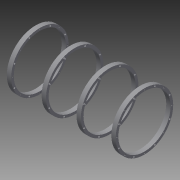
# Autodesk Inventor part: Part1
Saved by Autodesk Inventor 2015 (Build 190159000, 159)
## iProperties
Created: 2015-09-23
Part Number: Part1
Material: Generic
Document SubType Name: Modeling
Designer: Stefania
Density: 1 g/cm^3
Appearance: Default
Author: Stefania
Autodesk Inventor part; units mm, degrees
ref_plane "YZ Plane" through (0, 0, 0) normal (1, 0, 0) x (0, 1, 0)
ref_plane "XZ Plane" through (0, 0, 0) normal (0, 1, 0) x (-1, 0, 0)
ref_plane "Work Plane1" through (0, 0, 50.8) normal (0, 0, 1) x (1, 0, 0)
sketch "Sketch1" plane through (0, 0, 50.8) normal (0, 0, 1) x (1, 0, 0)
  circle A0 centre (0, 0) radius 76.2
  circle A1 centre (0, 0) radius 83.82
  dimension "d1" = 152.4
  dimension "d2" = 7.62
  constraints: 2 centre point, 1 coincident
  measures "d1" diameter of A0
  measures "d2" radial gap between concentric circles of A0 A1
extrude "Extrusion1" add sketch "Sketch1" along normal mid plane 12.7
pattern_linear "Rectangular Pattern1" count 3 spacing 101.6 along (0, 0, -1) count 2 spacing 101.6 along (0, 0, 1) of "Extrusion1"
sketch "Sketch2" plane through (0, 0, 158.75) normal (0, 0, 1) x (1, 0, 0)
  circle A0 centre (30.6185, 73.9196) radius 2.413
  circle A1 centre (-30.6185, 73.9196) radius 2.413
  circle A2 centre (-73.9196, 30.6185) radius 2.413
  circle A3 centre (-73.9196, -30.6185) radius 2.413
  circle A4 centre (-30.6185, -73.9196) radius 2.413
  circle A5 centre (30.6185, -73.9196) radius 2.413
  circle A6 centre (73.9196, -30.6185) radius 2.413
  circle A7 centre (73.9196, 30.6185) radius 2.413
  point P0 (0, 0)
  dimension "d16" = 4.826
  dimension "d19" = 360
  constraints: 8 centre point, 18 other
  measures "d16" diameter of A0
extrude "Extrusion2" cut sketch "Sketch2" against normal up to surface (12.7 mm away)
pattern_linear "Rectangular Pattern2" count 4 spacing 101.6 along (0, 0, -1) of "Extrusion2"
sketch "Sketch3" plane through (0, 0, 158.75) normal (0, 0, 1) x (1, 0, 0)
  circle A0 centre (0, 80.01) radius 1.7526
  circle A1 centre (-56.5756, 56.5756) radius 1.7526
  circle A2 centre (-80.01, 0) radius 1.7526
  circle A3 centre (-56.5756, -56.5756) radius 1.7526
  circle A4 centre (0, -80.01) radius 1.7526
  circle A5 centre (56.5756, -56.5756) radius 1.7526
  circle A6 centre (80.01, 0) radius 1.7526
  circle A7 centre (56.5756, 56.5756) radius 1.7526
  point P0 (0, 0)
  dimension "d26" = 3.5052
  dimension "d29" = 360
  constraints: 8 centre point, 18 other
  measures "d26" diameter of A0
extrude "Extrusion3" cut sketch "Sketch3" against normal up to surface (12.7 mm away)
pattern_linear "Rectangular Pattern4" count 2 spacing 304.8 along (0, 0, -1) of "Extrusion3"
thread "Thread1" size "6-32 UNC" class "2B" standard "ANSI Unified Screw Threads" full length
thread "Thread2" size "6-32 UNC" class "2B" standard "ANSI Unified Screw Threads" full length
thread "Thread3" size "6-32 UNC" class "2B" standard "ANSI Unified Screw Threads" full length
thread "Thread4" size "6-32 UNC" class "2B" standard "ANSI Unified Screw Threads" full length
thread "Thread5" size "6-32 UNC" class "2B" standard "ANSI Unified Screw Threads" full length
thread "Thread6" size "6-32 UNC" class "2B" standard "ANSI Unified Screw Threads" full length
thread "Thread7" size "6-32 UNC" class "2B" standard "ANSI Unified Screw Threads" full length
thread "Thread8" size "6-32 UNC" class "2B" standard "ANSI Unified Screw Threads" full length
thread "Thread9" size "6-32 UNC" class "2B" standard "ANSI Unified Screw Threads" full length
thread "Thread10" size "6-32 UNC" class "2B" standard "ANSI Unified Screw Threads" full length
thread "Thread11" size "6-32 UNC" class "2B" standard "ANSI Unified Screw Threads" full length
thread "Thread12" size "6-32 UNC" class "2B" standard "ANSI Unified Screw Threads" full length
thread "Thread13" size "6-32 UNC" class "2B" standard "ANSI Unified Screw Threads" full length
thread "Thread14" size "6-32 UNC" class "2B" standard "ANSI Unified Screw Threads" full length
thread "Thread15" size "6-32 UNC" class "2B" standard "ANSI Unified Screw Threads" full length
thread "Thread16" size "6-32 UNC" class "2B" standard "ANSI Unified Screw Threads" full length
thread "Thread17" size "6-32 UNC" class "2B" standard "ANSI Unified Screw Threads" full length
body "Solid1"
============
Would you write out each entry word for word and omit the images?

# Autodesk Inventor part: Part1
Saved by Autodesk Inventor 2015 (Build 190159000, 159)
## iProperties
Created: 2015-09-23
Part Number: Part1
Material: Generic
Document SubType Name: Modeling
Designer: Stefania
Density: 1 g/cm^3
Appearance: Default
Author: Stefania
Autodesk Inventor part; units mm, degrees
ref_plane "YZ Plane" through (0, 0, 0) normal (1, 0, 0) x (0, 1, 0)
ref_plane "XZ Plane" through (0, 0, 0) normal (0, 1, 0) x (-1, 0, 0)
ref_plane "Work Plane1" through (0, 0, 50.8) normal (0, 0, 1) x (1, 0, 0)
sketch "Sketch1" plane through (0, 0, 50.8) normal (0, 0, 1) x (1, 0, 0)
  circle A0 centre (0, 0) radius 76.2
  circle A1 centre (0, 0) radius 83.82
  dimension "d1" = 152.4
  dimension "d2" = 7.62
  constraints: 2 centre point, 1 coincident
  measures "d1" diameter of A0
  measures "d2" radial gap between concentric circles of A0 A1
extrude "Extrusion1" add sketch "Sketch1" along normal mid plane 12.7
pattern_linear "Rectangular Pattern1" count 3 spacing 101.6 along (0, 0, -1) count 2 spacing 101.6 along (0, 0, 1) of "Extrusion1"
sketch "Sketch2" plane through (0, 0, 158.75) normal (0, 0, 1) x (1, 0, 0)
  circle A0 centre (30.6185, 73.9196) radius 2.413
  circle A1 centre (-30.6185, 73.9196) radius 2.413
  circle A2 centre (-73.9196, 30.6185) radius 2.413
  circle A3 centre (-73.9196, -30.6185) radius 2.413
  circle A4 centre (-30.6185, -73.9196) radius 2.413
  circle A5 centre (30.6185, -73.9196) radius 2.413
  circle A6 centre (73.9196, -30.6185) radius 2.413
  circle A7 centre (73.9196, 30.6185) radius 2.413
  point P0 (0, 0)
  dimension "d16" = 4.826
  dimension "d19" = 360
  constraints: 8 centre point, 18 other
  measures "d16" diameter of A0
extrude "Extrusion2" cut sketch "Sketch2" against normal up to surface (12.7 mm away)
pattern_linear "Rectangular Pattern2" count 4 spacing 101.6 along (0, 0, -1) of "Extrusion2"
sketch "Sketch3" plane through (0, 0, 158.75) normal (0, 0, 1) x (1, 0, 0)
  circle A0 centre (0, 80.01) radius 1.7526
  circle A1 centre (-56.5756, 56.5756) radius 1.7526
  circle A2 centre (-80.01, 0) radius 1.7526
  circle A3 centre (-56.5756, -56.5756) radius 1.7526
  circle A4 centre (0, -80.01) radius 1.7526
  circle A5 centre (56.5756, -56.5756) radius 1.7526
  circle A6 centre (80.01, 0) radius 1.7526
  circle A7 centre (56.5756, 56.5756) radius 1.7526
  point P0 (0, 0)
  dimension "d26" = 3.5052
  dimension "d29" = 360
  constraints: 8 centre point, 18 other
  measures "d26" diameter of A0
extrude "Extrusion3" cut sketch "Sketch3" against normal up to surface (12.7 mm away)
pattern_linear "Rectangular Pattern4" count 2 spacing 304.8 along (0, 0, -1) of "Extrusion3"
thread "Thread1" size "6-32 UNC" class "2B" standard "ANSI Unified Screw Threads" full length
thread "Thread2" size "6-32 UNC" class "2B" standard "ANSI Unified Screw Threads" full length
thread "Thread3" size "6-32 UNC" class "2B" standard "ANSI Unified Screw Threads" full length
thread "Thread4" size "6-32 UNC" class "2B" standard "ANSI Unified Screw Threads" full length
thread "Thread5" size "6-32 UNC" class "2B" standard "ANSI Unified Screw Threads" full length
thread "Thread6" size "6-32 UNC" class "2B" standard "ANSI Unified Screw Threads" full length
thread "Thread7" size "6-32 UNC" class "2B" standard "ANSI Unified Screw Threads" full length
thread "Thread8" size "6-32 UNC" class "2B" standard "ANSI Unified Screw Threads" full length
thread "Thread9" size "6-32 UNC" class "2B" standard "ANSI Unified Screw Threads" full length
thread "Thread10" size "6-32 UNC" class "2B" standard "ANSI Unified Screw Threads" full length
thread "Thread11" size "6-32 UNC" class "2B" standard "ANSI Unified Screw Threads" full length
thread "Thread12" size "6-32 UNC" class "2B" standard "ANSI Unified Screw Threads" full length
thread "Thread13" size "6-32 UNC" class "2B" standard "ANSI Unified Screw Threads" full length
thread "Thread14" size "6-32 UNC" class "2B" standard "ANSI Unified Screw Threads" full length
thread "Thread15" size "6-32 UNC" class "2B" standard "ANSI Unified Screw Threads" full length
thread "Thread16" size "6-32 UNC" class "2B" standard "ANSI Unified Screw Threads" full length
thread "Thread17" size "6-32 UNC" class "2B" standard "ANSI Unified Screw Threads" full length
body "Solid1"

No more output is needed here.